# Subfloor first or framing first



## 325_man (Jan 20, 2011)

I have been looking for the answer to this question as I am in the process of finishing the basement. 

Should I install subfloor first or framing first?

Thanks


----------



## JazMan (Feb 17, 2007)

Subfloor, in a basement? 

Are you doing some kind of special system? Tell us more.

Jaz


----------



## Jason34 (Aug 15, 2010)

Only reason I can think of for a subfloor is if you are doing a raised floor. Maybe heated floors, very uneven slab or some other reason. Usually you dont need to install a sub floor in a basement


----------



## 325_man (Jan 20, 2011)

JazMan said:


> Subfloor, in a basement?
> 
> Are you doing some kind of special system? Tell us more.
> 
> Jaz


Nothing special planned for the basement floor. I just want to finish the basement, to add more living space. 

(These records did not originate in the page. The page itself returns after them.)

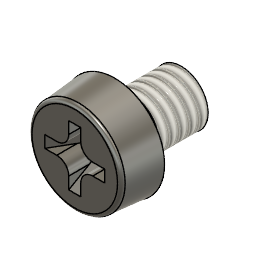
newest macropad desing (Autodesk Fusion 360 archive; units mm, degrees)
design "Cheese Head Screw BS EN ISO 7048 - M2.5 x 3 - H Steel 4.6 Plain"
description: Cheese Head Screw BS EN ISO 7048 - M2.5 x 3 - H
part number: BS EN ISO 7048 - H - M2.5 x 3 Steel 4.6 Plain
Autodesk Fusion 360 part; units mm, degrees
sketch "Sketch1" plane through (0, 0, 0) normal (0, 1, 0) x (1, 0, 0)
  line L0 (0, -1.8) -> (0, 3)
  line L1 (-2.25, 0) -> (-2.0925, -1.8)
  line L2 (-2.25, 0) -> (-1.0925, 0)
  line L3 (0, 3) -> (-1.25, 3)
  line L4 (-1.25, 3) -> (-1.25, 0.9)
  line L5 (-1.25, 0.9) -> (-1.0925, 0.3122)
  line L6 (-1.0925, 0.3122) -> (-1.0925, 0)
  line L7 (0, -1.8) -> (-2.0925, -1.8)
  dimension "d13" = 5
  dimension "d14" = 4.5
  dimension "d18" = 2.5
  dimension "d56" = 3
  dimension "d65" = 15
  dimension "d67" = 1.8
  dimension "d71" = 2.185
  dimension "d77" = 0.9
  constraint vertical L0
  constraint coincident origin L0
  constraint coincident origin L2
  constraint perpendicular L0 L3
  constraint coincident L2.end L6.end
  constraint perpendicular L0 L7
  measures "d13" angle of L0 L1
  measures "d56" distance of L2 L3
  measures "d65" angle of L5 L6
  measures "d67" distance of L1.start L7
  measures "d77" distance of L2 L4.end
revolve "Revolve1" add sketch "Sketch1" angle 360 about axis through (0, 0, 1.8) along (0, 0, -1) makes body 1
fillet "Fillet3" radius 0.18 1 edges at (-1.9509, 0.7567, 1.8) on bodies 1
fillet "Fillet2" radius 0.1 1 edges at (-1.0186, 0.3951, 0) on bodies 1
sketch "Sketch2" plane through (0, 0, 1.8) normal (0, 0, 1) x (1, 0, 0)
  line L0 (-0.27, 0.27) -> (-1.35, 0.27)
  line L1 (-1.35, 0.27) -> (-1.35, -0.27)
  line L2 (-1.35, -0.27) -> (-0.27, -0.27)
  line L3 (-0.27, -0.27) -> (-0.27, -1.35)
  line L4 (-0.27, -1.35) -> (0.27, -1.35)
  line L5 (0.27, -1.35) -> (0.27, -0.27)
  line L6 (0.27, -0.27) -> (1.35, -0.27)
  line L7 (1.35, -0.27) -> (1.35, 0.27)
  line L8 (1.35, 0.27) -> (0.27, 0.27)
  line L9 (0.27, 0.27) -> (0.27, 1.35)
  line L10 (0.27, 1.35) -> (-0.27, 1.35)
  line L11 (-0.27, 1.35) -> (-0.27, 0.27)
  dimension "d81" = 360
  dimension "d83" = 0.54
  dimension "d84" = 2.7
  constraint horizontal L0
  constraint perpendicular L0 L1
  constraint vertical L0.start L2.end
  constraint coincident L2.end L3.start
  measures "d83" distance of L0 L2
  measures "d84" distance of L1 L6.end
extrude "Extrude1" add sketch "Sketch2" against normal blind 1.2 separate body makes body 2
draft "Draft1" angle -30 neutral plane through (0, 0, 1.8) pull (0, 0, 1) 4 faces at (1.35, 0.09, 1) (0.09, 1.35, 1.4) (-1.35, 0.09, 1.4) (-0.09, -1.35, 1.4) on bodies 2
fillet "Fillet1" radius 0.54 4 edges at (-0.27, 0.27, 1.2) (-0.27, -0.27, 1.2) (0.27, -0.27, 1.2) (0.27, 0.27, 1.2) on bodies 2
combine "Combine1" operation cut target body 1 tool bodies 2
thread "Thread3" "ISO Metric profile 2.5 M2.5x0.45 M2.5x0.45 6g" major diameter 2.43 minor diameter 1.9165 pitch 0.45 angle 60 resizes the face on face at (-1.2484, -0.0623, -2.3) on bodies 1
equation "adsk_nomdia = 2.50 mm"
equation "adsk_nomlen = 3.00 mm"
equation "adsk_headdia = 4.50 mm"
equation "adsk_phildia = 2.70 mm"
equation "adsk_midfillet = 0.10 mm"
equation "adsk_phildepth = 1.20 mm"
equation "adsk_shnklen = 0.90 mm"
equation "adsk_thrang = 15 deg"
equation "adsk_headang = 5 deg"
equation "d13 = adsk_headang"
equation "d14 = adsk_headdia"
equation "d18 = adsk_nomdia"
equation "adsk_philwidth = 0.54 mm"
equation "d43 = -adsk_phildepth"
equation "d52 = adsk_midfillet"
equation "d56 = adsk_nomlen"
equation "d65 = adsk_thrang"
equation "d67 = adsk_headh"
equation "adsk_headh = 1.80 mm"
equation "adsk_pitch1 = 0.45 mm"
equation "adsk_shnkdia = adsk_nomdia - 0.7 * adsk_pitch1"
equation "d71 = adsk_shnkdia"
equation "adsk_headtoprad = adsk_headh * 0.1"
equation "d76 = adsk_headtoprad"
equation "d77 = adsk_shnklen"
equation "d83 = adsk_philwidth"
equation "d84 = adsk_phildia"
equation "d86 = adsk_philwidth"
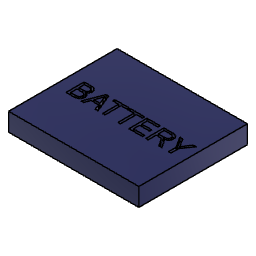
Battery 3.3V v2 (Autodesk Fusion 360 design; units mm, degrees)
Autodesk Fusion 360 part; units mm, degrees
sketch "Sketch1" plane through (0, 0, 0) normal (0, 0, 1) x (1, 0, 0)
  line L0 (0, 0) -> (36, 0)
  line L1 (36, 0) -> (36, 30)
  line L2 (36, 30) -> (0, 30)
  line L3 (0, 30) -> (0, 0)
  dimension "d1" = 36
  dimension "d2" = 30
  constraint horizontal L0
  constraint vertical L1
  constraint horizontal L2
  constraint vertical L3
  constraint coincident L0.start L3.end
  measures "d1" distance of L0.start L0.end
  measures "d2" distance of L0.start L2.end
extrude "Extrude1" add sketch "Sketch1" along normal blind 5
sketch "Sketch2" plane through (0, 0, 5) normal (0, 0, 1) x (-1, 0, 0)
  line L0 (0, -30) -> (0, 0)
  line L1 (0, 0) -> (-36, 0)
  line L2 (-36, 0) -> (-36, -30)
  line L3 (-36, -30) -> (0, -30)
  line L4 (-3.4232, -8.2828) -> (-28.569, -8.2828) construction
  line L5 (-28.569, -8.2828) -> (-28.569, -17.4655) construction
  line L6 (-28.569, -17.4655) -> (-3.4232, -17.4655) construction
  line L7 (-3.4232, -17.4655) -> (-3.4232, -8.2828) construction
  dimension "d5" = 5
  text T0 "BATTERY" font "Arial" height 5 align left top in box 25.1458 x 9.1826 at (-3.4232, -8.2828) x (-1, 0) y (0, -1) spacing 1 kerned
extrude "Extrude2" cut sketch "Sketch2" against normal blind 1 text T0
Autodesk Inventor part; units mm, degrees
(part 2 of 2)
sketch "Sketch9" plane through (-10, 21.48, -77.0624) normal (0, 0, -1) x (-1, 0, 0)
  line L0 (0.1006, 0.0497) -> (90.0454, 0.0497) construction
  line L1 (90.0454, 0.0497) -> (90.0454, -43.0368) construction
  line L2 (90.0454, -43.0368) -> (0.1006, -43.0368) construction
  line L3 (0.1006, -43.0368) -> (0.1006, 0.0497) construction
  line L4 (5.8424, -17.3579) -> (5.8424, -12.0619)
  line L5 (5.8424, -12.0619) -> (5.6332, -12.0619)
  spline S0 degree 2 poles (5.6332, -12.0619) (5.1253, -12.0619) (4.707, -11.6884) (4.707, -11.3821) knots 0 0 0 1 2 2 2
  spline S1 degree 2 poles (4.707, -11.3821) (4.707, -11.0833) (5.1253, -10.7099) (5.6332, -10.7099) knots 0 0 0 1 2 2 2
  line L6 (5.6332, -10.7099) -> (9.0245, -10.7099)
  spline S2 degree 2 poles (9.0245, -10.7099) (10.2345, -10.7099) (11.7135, -12.0619) (11.7135, -12.9956) knots 0 0 0 1 2 2 2
  spline S3 degree 2 poles (11.7135, -12.9956) (11.7135, -13.4363) (11.3699, -14.2206) (11.0263, -14.5493) knots 0 0 0 1 2 2 2
  spline S4 degree 2 poles (11.0263, -14.5493) (11.6687, -14.9302) (12.3036, -15.9536) (12.3036, -16.596) knots 0 0 0 1 2 2 2
  spline S5 degree 2 poles (12.3036, -16.596) (12.3036, -17.1114) (12.0721, -17.5521) knots 0 0 0 1 1 1
  spline S6 degree 2 poles (12.0721, -17.5521) (11.9003, -17.8882) (11.6538, -18.0824) knots 0 0 0 1 1 1
  spline S7 degree 2 poles (11.6538, -18.0824) (11.3176, -18.3588) (10.3391, -18.7099) (9.6071, -18.7099) knots 0 0 0 1 2 2 2
  line L7 (9.6071, -18.7099) -> (5.6332, -18.7099)
  spline S8 degree 2 poles (5.6332, -18.7099) (5.1253, -18.7099) (4.707, -18.3364) (4.707, -18.0301) knots 0 0 0 1 2 2 2
  spline S9 degree 2 poles (4.707, -18.0301) (4.707, -17.7239) (5.1253, -17.3579) (5.6332, -17.3579) knots 0 0 0 1 2 2 2
  line L8 (5.6332, -17.3579) -> (5.8424, -17.3579)
  line L9 (7.1944, -17.3579) -> (9.5324, -17.3579)
  spline S10 degree 2 poles (9.5324, -17.3579) (10.3541, -17.3579) (10.6977, -17.1114) knots 0 0 0 1 1 1
  spline S11 degree 2 poles (10.6977, -17.1114) (10.9516, -16.9321) (10.9516, -16.5885) knots 0 0 0 1 1 1
  spline S12 degree 2 poles (10.9516, -16.5885) (10.9516, -16.1851) (9.9358, -15.3933) (8.9871, -15.3933) knots 0 0 0 1 2 2 2
  line L10 (8.9871, -15.3933) -> (7.1944, -15.3933)
  line L11 (7.1944, -15.3933) -> (7.1944, -17.3579)
  line L12 (7.1944, -14.0413) -> (8.6809, -14.0413)
  spline S13 degree 2 poles (8.6809, -14.0413) (9.4801, -14.0413) (10.003, -13.638) knots 0 0 0 1 1 1
  spline S14 degree 2 poles (10.003, -13.638) (10.3615, -13.3616) (10.3615, -12.9582) knots 0 0 0 1 1 1
  spline S15 degree 2 poles (10.3615, -12.9582) (10.3615, -12.5997) (9.6893, -12.0619) (8.9572, -12.0619) knots 0 0 0 1 2 2 2
  line L13 (8.9572, -12.0619) -> (7.1944, -12.0619)
  line L14 (7.1944, -12.0619) -> (7.1944, -14.0413)
  line L15 (19.5791, -12.7192) -> (19.5791, -17.3579)
  spline S16 degree 2 poles (19.5791, -17.3579) (20.087, -17.3579) (20.5053, -17.7313) (20.5053, -18.0376) knots 0 0 0 1 2 2 2
  spline S17 degree 2 poles (20.5053, -18.0376) (20.5053, -18.3439) (20.087, -18.7099) (19.5791, -18.7099) knots 0 0 0 1 2 2 2
  line L16 (19.5791, -18.7099) -> (18.2271, -18.7099)
  line L17 (18.2271, -18.7099) -> (18.2271, -18.3961)
  spline S18 degree 2 poles (18.2271, -18.3961) (17.6444, -18.6576) (16.5912, -18.9265) (16.1132, -18.9265) knots 0 0 0 1 2 2 2
  spline S19 degree 2 poles (16.1132, -18.9265) (15.4484, -18.9265) (14.4698, -18.3663) (14.186, -17.8733) knots 0 0 0 1 2 2 2
  spline S20 degree 2 poles (14.186, -17.8733) (13.9843, -17.5147) (13.9843, -16.9769) knots 0 0 0 1 1 1
  line L18 (13.9843, -16.9769) -> (13.9843, -14.0712)
  line L19 (13.9843, -14.0712) -> (13.7528, -14.0712)
  spline S21 degree 2 poles (13.7528, -14.0712) (13.2448, -14.0712) (12.8265, -13.6977) (12.8265, -13.3915) knots 0 0 0 1 2 2 2
  spline S22 degree 2 poles (12.8265, -13.3915) (12.8265, -13.0852) (13.2448, -12.7192) (13.7528, -12.7192) knots 0 0 0 1 2 2 2
  line L20 (13.7528, -12.7192) -> (15.3363, -12.7192)
  line L21 (15.3363, -12.7192) -> (15.3363, -16.7453)
  spline S23 degree 2 poles (15.3363, -16.7453) (15.3363, -17.1711) (15.7546, -17.5745) (16.1804, -17.5745) knots 0 0 0 1 2 2 2
  spline S24 degree 2 poles (16.1804, -17.5745) (16.5912, -17.5745) (17.5324, -17.2533) (18.2271, -16.8275) knots 0 0 0 1 2 2 2
  line L22 (18.2271, -16.8275) -> (18.2271, -14.0712)
  line L23 (18.2271, -14.0712) -> (17.7416, -14.0712)
  spline S25 degree 2 poles (17.7416, -14.0712) (17.2336, -14.0712) (16.8153, -13.6977) (16.8153, -13.3915) knots 0 0 0 1 2 2 2
  spline S26 degree 2 poles (16.8153, -13.3915) (16.8153, -13.0852) (17.2336, -12.7192) (17.7416, -12.7192) knots 0 0 0 1 2 2 2
  line L24 (17.7416, -12.7192) -> (19.5791, -12.7192)
  line L25 (25.4801, -12.7192) -> (25.4801, -17.3579)
  line L26 (25.4801, -17.3579) -> (27.101, -17.3579)
  spline S27 degree 2 poles (27.101, -17.3579) (27.609, -17.3579) (28.0273, -17.7313) (28.0273, -18.0376) knots 0 0 0 1 2 2 2
  spline S28 degree 2 poles (28.0273, -18.0376) (28.0273, -18.3439) (27.609, -18.7099) (27.101, -18.7099) knots 0 0 0 1 2 2 2
  line L27 (27.101, -18.7099) -> (22.5072, -18.7099)
  spline S29 degree 2 poles (22.5072, -18.7099) (21.9993, -18.7099) (21.581, -18.3364) (21.581, -18.0301) knots 0 0 0 1 2 2 2
  spline S30 degree 2 poles (21.581, -18.0301) (21.581, -17.7239) (21.9993, -17.3579) (22.5072, -17.3579) knots 0 0 0 1 2 2 2
  line L28 (22.5072, -17.3579) -> (24.1281, -17.3579)
  line L29 (24.1281, -17.3579) -> (24.1281, -14.0712)
  line L30 (24.1281, -14.0712) -> (23.0375, -14.0712)
  spline S31 degree 2 poles (23.0375, -14.0712) (22.5296, -14.0712) (22.1113, -13.6977) (22.1113, -13.3915) knots 0 0 0 1 2 2 2
  spline S32 degree 2 poles (22.1113, -13.3915) (22.1113, -13.0852) (22.5296, -12.7192) (23.0375, -12.7192) knots 0 0 0 1 2 2 2
  line L31 (23.0375, -12.7192) -> (25.4801, -12.7192)
  line L32 (25.2934, -10.1571) -> (25.2934, -11.5913)
  line L33 (25.2934, -11.5913) -> (23.6874, -11.5913)
  line L34 (23.6874, -11.5913) -> (23.6874, -10.1571)
  line L35 (23.6874, -10.1571) -> (25.2934, -10.1571)
  line L36 (33.5847, -10.1571) -> (33.5847, -17.3579)
  line L37 (33.5847, -17.3579) -> (35.2056, -17.3579)
  spline S33 degree 2 poles (35.2056, -17.3579) (35.7135, -17.3579) (36.1318, -17.7313) (36.1318, -18.0376) knots 0 0 0 1 2 2 2
  spline S34 degree 2 poles (36.1318, -18.0376) (36.1318, -18.3439) (35.7135, -18.7099) (35.2056, -18.7099) knots 0 0 0 1 2 2 2
  line L38 (35.2056, -18.7099) -> (30.6118, -18.7099)
  spline S35 degree 2 poles (30.6118, -18.7099) (30.1038, -18.7099) (29.6855, -18.3364) (29.6855, -18.0301) knots 0 0 0 1 2 2 2
  spline S36 degree 2 poles (29.6855, -18.0301) (29.6855, -17.7239) (30.1038, -17.3579) (30.6118, -17.3579) knots 0 0 0 1 2 2 2
  line L39 (30.6118, -17.3579) -> (32.2327, -17.3579)
  line L40 (32.2327, -17.3579) -> (32.2327, -11.5091)
  line L41 (32.2327, -11.5091) -> (31.1421, -11.5091)
  spline S37 degree 2 poles (31.1421, -11.5091) (30.6342, -11.5091) (30.2159, -11.1356) (30.2159, -10.8294) knots 0 0 0 1 2 2 2
  spline S38 degree 2 poles (30.2159, -10.8294) (30.2159, -10.5231) (30.6342, -10.1571) (31.1421, -10.1571) knots 0 0 0 1 2 2 2
  line L42 (31.1421, -10.1571) -> (33.5847, -10.1571)
  line L43 (44.1169, -10.1571) -> (44.1169, -17.3579)
  line L44 (44.1169, -17.3579) -> (44.3485, -17.3579)
  spline S39 degree 2 poles (44.3485, -17.3579) (44.8564, -17.3579) (45.2747, -17.7313) (45.2747, -18.0376) knots 0 0 0 1 2 2 2
  spline S40 degree 2 poles (45.2747, -18.0376) (45.2747, -18.3439) (44.8564, -18.7099) (44.3485, -18.7099) knots 0 0 0 1 2 2 2
  line L45 (44.3485, -18.7099) -> (42.7649, -18.7099)
  line L46 (42.7649, -18.7099) -> (42.7649, -18.3812)
  spline S41 degree 2 poles (42.7649, -18.3812) (42.3018, -18.6501) (41.2934, -18.9265) (40.7556, -18.9265) knots 0 0 0 1 2 2 2
  spline S42 degree 2 poles (40.7556, -18.9265) (39.2392, -18.9265) (37.3793, -17.1636) (37.3793, -15.8565) knots 0 0 0 1 2 2 2
  spline S43 degree 2 poles (37.3793, -15.8565) (37.3793, -14.482) (39.3289, -12.5474) (40.7331, -12.5474) knots 0 0 0 1 2 2 2
  spline S44 degree 2 poles (40.7331, -12.5474) (41.256, -12.5474) (42.2719, -12.8686) (42.7649, -13.1973) knots 0 0 0 1 2 2 2
  line L47 (42.7649, -13.1973) -> (42.7649, -11.5091)
  line L48 (42.7649, -11.5091) -> (42.5333, -11.5091)
  spline S45 degree 2 poles (42.5333, -11.5091) (42.0254, -11.5091) (41.6071, -11.1431) (41.6071, -10.8368) knots 0 0 0 1 2 2 2
  spline S46 degree 2 poles (41.6071, -10.8368) (41.6071, -10.5306) (42.0254, -10.1571) (42.5333, -10.1571) knots 0 0 0 1 2 2 2
  line L49 (42.5333, -10.1571) -> (44.1169, -10.1571)
  spline S47 degree 2 poles (42.7649, -15.8938) (42.7649, -15.0572) (41.5922, -13.8994) (40.7481, -13.8994) knots 0 0 0 1 2 2 2
  spline S48 degree 2 poles (40.7481, -13.8994) (39.904, -13.8994) (38.7313, -15.0572) (38.7313, -15.8789) knots 0 0 0 1 2 2 2
  spline S49 degree 2 poles (38.7313, -15.8789) (38.7313, -16.6184) (39.7845, -17.5745) (40.7481, -17.5745) knots 0 0 0 1 2 2 2
  spline S50 degree 2 poles (40.7481, -17.5745) (41.6967, -17.5745) (42.7649, -16.6184) (42.7649, -15.8938) knots 0 0 0 1 2 2 2
  line L50 (50.3391, -18.7099) -> (50.3391, -18.3961)
  spline S51 degree 2 poles (50.3391, -18.3961) (49.8312, -18.6576) (48.6062, -18.9265) (48.1057, -18.9265) knots 0 0 0 1 2 2 2
  spline S52 degree 2 poles (48.1057, -18.9265) (47.0226, -18.9265) (45.6631, -17.7762) (45.6631, -17.0815) knots 0 0 0 1 2 2 2
  spline S53 degree 2 poles (45.6631, -17.0815) (45.6631, -16.2299) (47.3961, -14.7808) (48.9199, -14.7808) knots 0 0 0 1 2 2 2
  spline S54 degree 2 poles (48.9199, -14.7808) (49.5324, -14.7808) (50.3391, -14.9153) knots 0 0 0 1 1 1
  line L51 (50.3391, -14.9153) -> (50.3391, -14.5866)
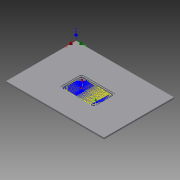
# Autodesk Inventor part: capac cu gaura 3
Saved by Autodesk Inventor 2015 SP1 (Build 190203100, 203)
## iProperties
Created: 2015-07-29
Part Number: capac cu gaura 3
Material: Generic
Document SubType Name: Modeling
Designer: ubik
Density: 1 g/cm^3
Appearance: Default
Author: ubik
Autodesk Inventor part; units mm, degrees
ref_plane "YZ Plane" through (0, 0, 0) normal (1, 0, 0) x (0, 1, 0)
ref_plane "XZ Plane" through (0, 0, 0) normal (0, 1, 0) x (-1, 0, 0)
ref_plane "XY Plane" through (0, 0, 0) normal (0, 0, 1) x (1, 0, 0)
sketch "Sketch1" plane through (0, 0, 0) normal (0, 0, 1) x (1, 0, 0)
  line L0 (0, 0) -> (560, 0)
  line L1 (560, 0) -> (560, 400)
  line L2 (560, 400) -> (0, 400)
  line L3 (0, 400) -> (0, 0)
  dimension "d0" = 560
  dimension "d1" = 400
  constraints: 8 end point, 2 parallel, 1 horizontal, 1 perpendicular
  measures "d0" distance of L2.end L1.end
  measures "d1" distance of L1.end L0.end
extrude "Extrusion1" add sketch "Sketch1" along normal blind 8
sketch "Sketch2" plane through (0, 0, 8) normal (0, 0, 1) x (1, 0, 0)
  line L0 (181.25, 250) -> (378.75, 250)
  line L1 (378.75, 250) -> (378.75, 124)
  line L2 (378.75, 124) -> (181.25, 124)
  line L3 (181.25, 124) -> (181.25, 250)
  line L4 (0, 400) -> (0, 0) projected
  line L5 (560, 400) -> (0, 400) projected
  line L6 (186.25, 245) -> (373.75, 245)
  line L7 (373.75, 245) -> (373.75, 129)
  line L8 (373.75, 129) -> (186.25, 129)
  line L9 (186.25, 129) -> (186.25, 245)
  dimension "cuva_width" = 197.5
  dimension "d5" = 126
  dimension "d6" = 181.25
  dimension "d7" = 150
  dimension "d8" = 5
  dimension "d9" = 5
  dimension "d10" = 5
  dimension "d11" = 5
  constraints: 16 end point, 4 parallel, 2 horizontal, 2 perpendicular
  measures "cuva_width" distance of L0.start L0.end
  measures "d5" distance of L2.end L0.start
  measures "d6" distance between parallel lines of L4 L3
  measures "d7" distance between parallel lines of L5 L0
  measures "d8" distance between parallel lines of L0 L6
  measures "d9" distance between parallel lines of L3 L9
  measures "d10" distance between parallel lines of L2 L8
  measures "d11" distance between parallel lines of L1 L7
extrude "Extrusion2" cut sketch "Sketch2" against normal blind 4
fillet "Fillet1" radius 12 4 edges at (181.25, 250, 6) (181.25, 124, 6) (378.75, 124, 6) (378.75, 250, 6)
sketch "Sketch3" plane through (0, 0, 8) normal (0, 0, 1) x (1, 0, 0)
  line L0 (186.25, 245) -> (186.25, 129) projected
  line L1 (186.25, 129) -> (373.75, 129) projected
  line L2 (373.75, 129) -> (373.75, 245) projected
  line L3 (373.75, 245) -> (186.25, 245) projected
  point P0 (0, 0)
extrude "Extrusion3" cut sketch "Sketch3" against normal blind 4
sketch "Sketch4" plane through (0, 0, 4) normal (0, 0, 1) x (1, 0, 0)
  arc A0 (378.75, 238) -> (366.75, 250) centre (366.75, 238) ccw projected
  line L0 (193.25, 250) -> (366.75, 250) projected
  arc A1 (193.25, 250) -> (181.25, 238) centre (193.25, 238) ccw projected
  line L1 (181.25, 136) -> (181.25, 238) projected
  arc A2 (181.25, 136) -> (193.25, 124) centre (193.25, 136) ccw projected
  line L2 (366.75, 124) -> (193.25, 124) projected
  arc A3 (366.75, 124) -> (378.75, 136) centre (366.75, 136) ccw projected
  line L3 (378.75, 238) -> (378.75, 136) projected
  line L4 (198.25, 245) -> (361.75, 245)
  line L5 (373.75, 233) -> (373.75, 141)
  line L6 (361.75, 129) -> (198.25, 129)
  line L7 (186.25, 141) -> (186.25, 233)
  arc A4 (198.25, 245) -> (186.25, 233) centre (198.25, 233) ccw
  arc A5 (186.25, 141) -> (198.25, 129) centre (198.25, 141) ccw
  arc A6 (373.75, 233) -> (361.75, 245) centre (361.75, 233) ccw
  arc A7 (361.75, 129) -> (373.75, 141) centre (361.75, 141) ccw
  point P0 (0, 0)
  dimension "d17" = 5
  dimension "d18" = 5
  dimension "d19" = 5
  dimension "d20" = 5
  dimension "d21" = 12
  constraints: 8 end point, 8 point on circle, 8 tangent, 4 centre point, 3 equal radius, 2 parallel, 1 horizontal, 1 perpendicular
  measures "d17" distance between parallel lines of L0 L4
  measures "d18" distance between parallel lines of L1 L7
  measures "d19" distance between parallel lines of L2 L6
  measures "d20" distance between parallel lines of L3 L5
  measures "d21" radius of A4
extrude "Extrusion4" cut sketch "Sketch4" against normal through all contours L4 A6 L5 A7 L6 A5 L7 A4
equation "\"d9\" = d8"
equation "\"d10\" = d8"
equation "\"d11\" = d8"
equation "\"d18\" = d17"
equation "\"d19\" = d17"
equation "\"d20\" = d17"
body "Solid1"

I was thinking to have tile flooring.


----------



## joecaption (Nov 30, 2011)

If the slab is flat then there's no need for a "subfloor".
I would build the walls first then lay the floor.


----------



## princelake (Feb 19, 2012)

if you are tiling then there is no need for a subfloor. People put subfloors in because they may have a minor leak or water problem and their flooring and contents don't get destroyed. also you dont feel the damp cold floor. i would doing your framing first then your subfloor. Do not put your framing on your subfloor. If you ever had a water problem bad enough to pull up the floor just imagine trying to tear it out with the walls on top of it.


----------



## jagans (Oct 21, 2012)

Normally, you lay out your walls on the concrete slab with a chalk line, then anchor a pressure treated sole plate to the concrete floor. 1/4 inch Rawl spikes are good for this. You need a decent hammer drill. I have a Hilti TE-12S that I love. You then build your walls on the floor with a plate on top and bottom. Stand them up Plumb and shim, then screw to joists or blocking placed between joists. Electric and plumbing, insulation, drywall finished and painted. then floor, then trim. Ive seen the drycore stuff, and I don't buy it. If you have a wet basement you have to fix it outside, not inside.


----------



## JazMan (Feb 17, 2007)

It's not a matter of if the floor is flat or just thinking it's a good idea to build a subfloor on a slab which is below grade. Someone show me the spec that says building a sleeper-floor below grade is recommended anywhere.

It can work under some situations, but wood in contact with a slab below grade is not a good idea. Plus trapping moisture from a slab can be a problem and often is. 

Jaz


----------



## 325_man (Jan 20, 2011)

Got it! Framing first, then subfloor next. 

Thanks all!:thumbsup:


----------



## JazMan (Feb 17, 2007)

Oh boy!.........:huh:

Jaz


----------



## woodworkbykirk (Sep 25, 2011)

if your using a floationg interlock sub floor system you have to frame the walls first. if you build the walls on top of it the subfloor will buckle


----------



## ryanh (Jul 23, 2008)

Always add subfloor after walls. Basement walls should be floated from the floor so keep the subfloor away from under walls so it can move if need too


----------



## oh'mike (Sep 18, 2009)

325_man said:


> Got it! Framing first, then subfloor next.
> 
> Thanks all!:thumbsup:


Framing only--NO subfloor at all---you have a floor all ready to accept tile---you do not need or want anything more.


----------



## ubcguy89 (Mar 19, 2013)

I have done this before a few times build the walls, then put sleepers if you wish. personally I would ardex the slab and lay tile


----------



## ccleme11 (Mar 20, 2013)

JazMan said:


> It's not a matter of if the floor is flat or just thinking it's a good idea to build a subfloor on a slab which is below grade. Someone show me the spec that says building a sleeper-floor below grade is recommended anywhere.
> 
> It can work under some situations, but wood in contact with a slab below grade is not a good idea. Plus trapping moisture from a slab can be a problem and often is.
> 
> Jaz


What if you use a 1" rigid foam and t&g ply on top for better insulation and a warmer floor?


----------



## drtbk4ever (Dec 29, 2008)

ccleme11 said:


> What if you use a 1" rigid foam and t&g ply on top for better insulation and a warmer floor?


I'll comment to your question ccleme11 in YOUR thread where you asked this very question.


----------